_What needs to be done_: When a line of the records contains "targetPoint", copy it.

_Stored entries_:
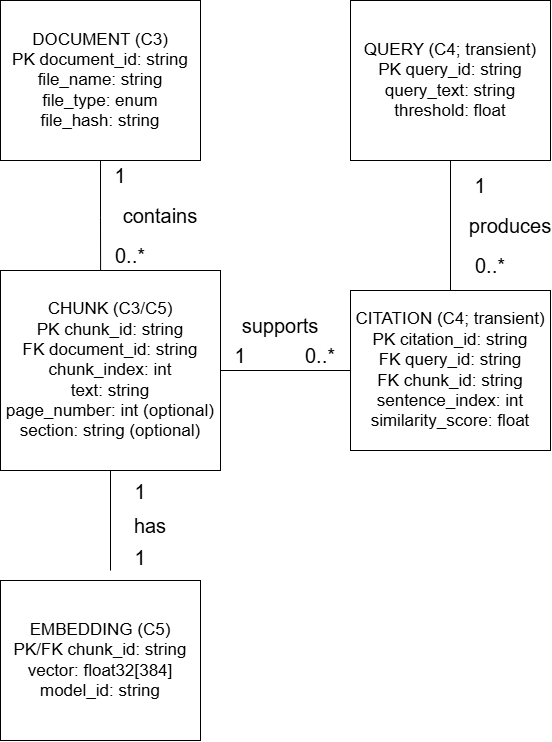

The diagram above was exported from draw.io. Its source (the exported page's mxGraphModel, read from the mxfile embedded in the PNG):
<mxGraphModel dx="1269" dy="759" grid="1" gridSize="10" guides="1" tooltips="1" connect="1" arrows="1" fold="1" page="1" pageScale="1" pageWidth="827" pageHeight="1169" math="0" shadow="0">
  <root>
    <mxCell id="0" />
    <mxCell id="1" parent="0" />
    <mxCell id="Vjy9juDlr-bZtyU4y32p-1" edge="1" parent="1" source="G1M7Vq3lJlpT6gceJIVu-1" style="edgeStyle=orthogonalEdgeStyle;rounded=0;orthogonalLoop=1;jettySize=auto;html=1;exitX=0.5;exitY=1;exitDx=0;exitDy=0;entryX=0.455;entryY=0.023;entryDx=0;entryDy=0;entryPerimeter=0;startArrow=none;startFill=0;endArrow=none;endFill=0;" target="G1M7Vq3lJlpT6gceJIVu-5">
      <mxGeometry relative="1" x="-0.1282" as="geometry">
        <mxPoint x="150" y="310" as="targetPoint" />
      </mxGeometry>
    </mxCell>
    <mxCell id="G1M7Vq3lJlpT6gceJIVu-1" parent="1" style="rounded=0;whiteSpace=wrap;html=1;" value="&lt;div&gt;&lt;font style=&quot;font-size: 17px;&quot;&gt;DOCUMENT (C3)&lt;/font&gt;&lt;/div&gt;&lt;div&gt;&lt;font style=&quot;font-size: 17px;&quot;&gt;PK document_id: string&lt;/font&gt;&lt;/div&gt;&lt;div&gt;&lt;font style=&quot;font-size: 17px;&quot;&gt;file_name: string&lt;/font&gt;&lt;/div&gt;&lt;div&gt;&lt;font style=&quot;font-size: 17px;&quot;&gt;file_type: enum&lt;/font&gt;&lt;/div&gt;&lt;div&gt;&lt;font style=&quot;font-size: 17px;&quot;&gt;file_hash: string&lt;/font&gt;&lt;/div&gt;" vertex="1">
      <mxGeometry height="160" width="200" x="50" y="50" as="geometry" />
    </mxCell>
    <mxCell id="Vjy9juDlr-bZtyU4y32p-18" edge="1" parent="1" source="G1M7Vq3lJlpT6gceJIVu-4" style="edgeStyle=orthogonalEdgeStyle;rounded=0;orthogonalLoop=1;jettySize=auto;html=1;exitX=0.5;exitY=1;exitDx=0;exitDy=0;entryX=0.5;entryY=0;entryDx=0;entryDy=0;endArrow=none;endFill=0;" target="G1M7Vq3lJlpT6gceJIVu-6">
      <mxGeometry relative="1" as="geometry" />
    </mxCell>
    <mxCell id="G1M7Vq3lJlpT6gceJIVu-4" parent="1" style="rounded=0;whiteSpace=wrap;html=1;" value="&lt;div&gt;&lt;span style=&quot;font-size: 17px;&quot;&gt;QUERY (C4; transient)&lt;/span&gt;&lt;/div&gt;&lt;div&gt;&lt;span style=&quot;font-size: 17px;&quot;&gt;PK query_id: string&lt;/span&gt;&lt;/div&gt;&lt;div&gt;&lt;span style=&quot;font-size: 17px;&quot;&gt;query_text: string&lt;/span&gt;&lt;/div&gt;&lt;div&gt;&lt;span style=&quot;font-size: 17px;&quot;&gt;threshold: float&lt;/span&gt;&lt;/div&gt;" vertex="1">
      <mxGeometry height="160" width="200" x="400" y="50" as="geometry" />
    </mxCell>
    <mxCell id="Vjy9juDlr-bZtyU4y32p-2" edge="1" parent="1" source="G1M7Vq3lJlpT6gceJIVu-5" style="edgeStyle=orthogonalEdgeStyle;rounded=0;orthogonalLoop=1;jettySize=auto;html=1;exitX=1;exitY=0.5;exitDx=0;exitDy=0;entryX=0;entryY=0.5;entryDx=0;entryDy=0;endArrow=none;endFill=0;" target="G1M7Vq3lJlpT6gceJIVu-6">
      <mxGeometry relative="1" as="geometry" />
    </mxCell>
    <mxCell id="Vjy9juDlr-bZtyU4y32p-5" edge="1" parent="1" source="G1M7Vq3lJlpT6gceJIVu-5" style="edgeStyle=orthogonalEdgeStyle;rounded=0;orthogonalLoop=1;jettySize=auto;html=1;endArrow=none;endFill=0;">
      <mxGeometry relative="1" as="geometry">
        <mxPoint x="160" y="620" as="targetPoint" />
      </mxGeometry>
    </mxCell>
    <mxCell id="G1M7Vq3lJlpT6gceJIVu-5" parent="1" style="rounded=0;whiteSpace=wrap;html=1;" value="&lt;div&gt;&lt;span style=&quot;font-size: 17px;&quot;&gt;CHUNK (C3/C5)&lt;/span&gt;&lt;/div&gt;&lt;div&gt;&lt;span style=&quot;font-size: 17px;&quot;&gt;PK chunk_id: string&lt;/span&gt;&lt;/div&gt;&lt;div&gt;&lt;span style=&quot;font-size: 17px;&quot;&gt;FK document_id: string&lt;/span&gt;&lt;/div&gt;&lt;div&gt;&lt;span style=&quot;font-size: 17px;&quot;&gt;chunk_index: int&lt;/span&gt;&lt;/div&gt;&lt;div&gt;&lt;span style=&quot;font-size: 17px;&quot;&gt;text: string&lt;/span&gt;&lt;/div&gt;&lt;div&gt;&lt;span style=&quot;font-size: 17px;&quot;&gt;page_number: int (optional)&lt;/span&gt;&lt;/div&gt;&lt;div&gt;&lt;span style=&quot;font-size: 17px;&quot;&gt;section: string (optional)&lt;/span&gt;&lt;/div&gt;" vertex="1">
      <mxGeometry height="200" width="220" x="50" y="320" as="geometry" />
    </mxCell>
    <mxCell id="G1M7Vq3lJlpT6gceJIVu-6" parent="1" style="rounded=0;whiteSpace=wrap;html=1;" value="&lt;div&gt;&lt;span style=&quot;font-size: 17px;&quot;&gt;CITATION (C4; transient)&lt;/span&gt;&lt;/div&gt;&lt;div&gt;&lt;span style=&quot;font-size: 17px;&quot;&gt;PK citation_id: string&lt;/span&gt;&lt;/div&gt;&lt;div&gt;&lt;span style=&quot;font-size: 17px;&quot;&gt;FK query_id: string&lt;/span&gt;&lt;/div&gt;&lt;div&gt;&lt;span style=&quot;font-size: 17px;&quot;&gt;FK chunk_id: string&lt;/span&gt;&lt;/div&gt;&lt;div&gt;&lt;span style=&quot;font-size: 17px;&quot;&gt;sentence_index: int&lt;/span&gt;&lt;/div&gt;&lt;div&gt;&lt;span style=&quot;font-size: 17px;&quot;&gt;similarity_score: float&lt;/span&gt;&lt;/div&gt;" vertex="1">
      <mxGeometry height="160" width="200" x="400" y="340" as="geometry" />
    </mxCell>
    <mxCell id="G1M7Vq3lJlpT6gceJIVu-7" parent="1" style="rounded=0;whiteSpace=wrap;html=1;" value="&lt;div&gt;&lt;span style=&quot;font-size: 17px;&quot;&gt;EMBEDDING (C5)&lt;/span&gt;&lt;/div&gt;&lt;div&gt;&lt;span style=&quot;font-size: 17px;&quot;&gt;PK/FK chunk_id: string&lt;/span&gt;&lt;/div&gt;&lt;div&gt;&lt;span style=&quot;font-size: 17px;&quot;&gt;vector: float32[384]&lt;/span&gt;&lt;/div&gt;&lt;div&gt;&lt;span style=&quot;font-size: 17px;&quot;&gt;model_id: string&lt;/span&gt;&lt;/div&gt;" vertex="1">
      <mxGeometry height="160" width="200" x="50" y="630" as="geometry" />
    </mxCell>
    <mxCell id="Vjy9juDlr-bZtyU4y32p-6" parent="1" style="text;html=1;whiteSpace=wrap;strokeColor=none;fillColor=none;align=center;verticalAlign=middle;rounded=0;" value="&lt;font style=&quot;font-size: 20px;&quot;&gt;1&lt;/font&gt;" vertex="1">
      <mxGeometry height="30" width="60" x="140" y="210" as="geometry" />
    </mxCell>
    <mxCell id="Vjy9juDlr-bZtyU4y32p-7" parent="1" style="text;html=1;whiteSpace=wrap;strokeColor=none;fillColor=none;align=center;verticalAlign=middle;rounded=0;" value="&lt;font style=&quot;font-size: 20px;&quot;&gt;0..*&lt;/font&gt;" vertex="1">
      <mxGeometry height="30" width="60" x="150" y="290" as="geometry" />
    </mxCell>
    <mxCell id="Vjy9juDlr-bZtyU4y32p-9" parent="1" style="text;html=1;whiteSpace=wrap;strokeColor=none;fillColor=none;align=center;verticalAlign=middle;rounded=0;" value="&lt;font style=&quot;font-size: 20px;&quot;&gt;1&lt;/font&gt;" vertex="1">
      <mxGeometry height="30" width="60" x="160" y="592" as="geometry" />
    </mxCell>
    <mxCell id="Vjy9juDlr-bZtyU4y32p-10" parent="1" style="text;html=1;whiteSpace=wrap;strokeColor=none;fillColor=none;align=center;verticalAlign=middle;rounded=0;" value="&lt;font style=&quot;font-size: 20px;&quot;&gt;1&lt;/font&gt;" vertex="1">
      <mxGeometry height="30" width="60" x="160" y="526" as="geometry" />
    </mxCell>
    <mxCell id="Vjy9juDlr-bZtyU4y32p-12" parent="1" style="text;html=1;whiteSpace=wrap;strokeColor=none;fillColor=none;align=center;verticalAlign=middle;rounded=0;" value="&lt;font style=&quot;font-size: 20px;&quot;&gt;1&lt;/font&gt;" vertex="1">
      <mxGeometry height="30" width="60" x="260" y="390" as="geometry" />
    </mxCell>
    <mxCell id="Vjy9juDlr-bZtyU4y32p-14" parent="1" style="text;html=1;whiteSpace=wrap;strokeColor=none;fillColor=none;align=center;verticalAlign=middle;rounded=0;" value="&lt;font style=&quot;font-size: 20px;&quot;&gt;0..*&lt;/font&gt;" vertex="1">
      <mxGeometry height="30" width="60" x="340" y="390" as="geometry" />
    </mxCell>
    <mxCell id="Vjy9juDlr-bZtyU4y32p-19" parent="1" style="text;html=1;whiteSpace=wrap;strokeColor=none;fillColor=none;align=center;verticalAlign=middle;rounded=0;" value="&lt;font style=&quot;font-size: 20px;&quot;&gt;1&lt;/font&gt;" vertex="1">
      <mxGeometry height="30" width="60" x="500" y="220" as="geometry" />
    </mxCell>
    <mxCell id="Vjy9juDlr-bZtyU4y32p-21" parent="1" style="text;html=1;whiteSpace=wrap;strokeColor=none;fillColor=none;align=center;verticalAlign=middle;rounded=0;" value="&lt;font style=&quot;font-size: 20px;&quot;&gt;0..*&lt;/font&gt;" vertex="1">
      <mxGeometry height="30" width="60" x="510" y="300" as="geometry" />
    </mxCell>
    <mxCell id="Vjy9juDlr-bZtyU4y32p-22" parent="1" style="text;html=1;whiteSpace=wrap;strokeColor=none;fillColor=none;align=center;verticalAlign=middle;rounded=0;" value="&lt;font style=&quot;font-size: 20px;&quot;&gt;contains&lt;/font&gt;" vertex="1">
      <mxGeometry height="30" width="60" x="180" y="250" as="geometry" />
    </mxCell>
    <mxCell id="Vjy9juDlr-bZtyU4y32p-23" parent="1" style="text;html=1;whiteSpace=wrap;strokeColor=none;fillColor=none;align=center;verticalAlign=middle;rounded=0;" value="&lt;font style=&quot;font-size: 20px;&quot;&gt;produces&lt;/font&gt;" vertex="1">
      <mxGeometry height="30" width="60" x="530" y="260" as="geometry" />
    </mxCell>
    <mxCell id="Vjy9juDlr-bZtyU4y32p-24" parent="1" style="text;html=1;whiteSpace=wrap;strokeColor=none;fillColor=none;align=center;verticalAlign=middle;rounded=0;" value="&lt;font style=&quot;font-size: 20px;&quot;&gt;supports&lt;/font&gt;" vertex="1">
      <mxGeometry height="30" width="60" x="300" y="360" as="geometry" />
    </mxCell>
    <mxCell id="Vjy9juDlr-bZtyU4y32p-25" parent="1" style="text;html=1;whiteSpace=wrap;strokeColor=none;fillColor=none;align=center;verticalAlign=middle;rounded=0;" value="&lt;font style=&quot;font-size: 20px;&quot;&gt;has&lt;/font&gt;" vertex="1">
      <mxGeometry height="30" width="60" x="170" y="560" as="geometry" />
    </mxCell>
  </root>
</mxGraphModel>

_The completed task_:
        <mxPoint x="150" y="310" as="targetPoint" />
        <mxPoint x="160" y="620" as="targetPoint" />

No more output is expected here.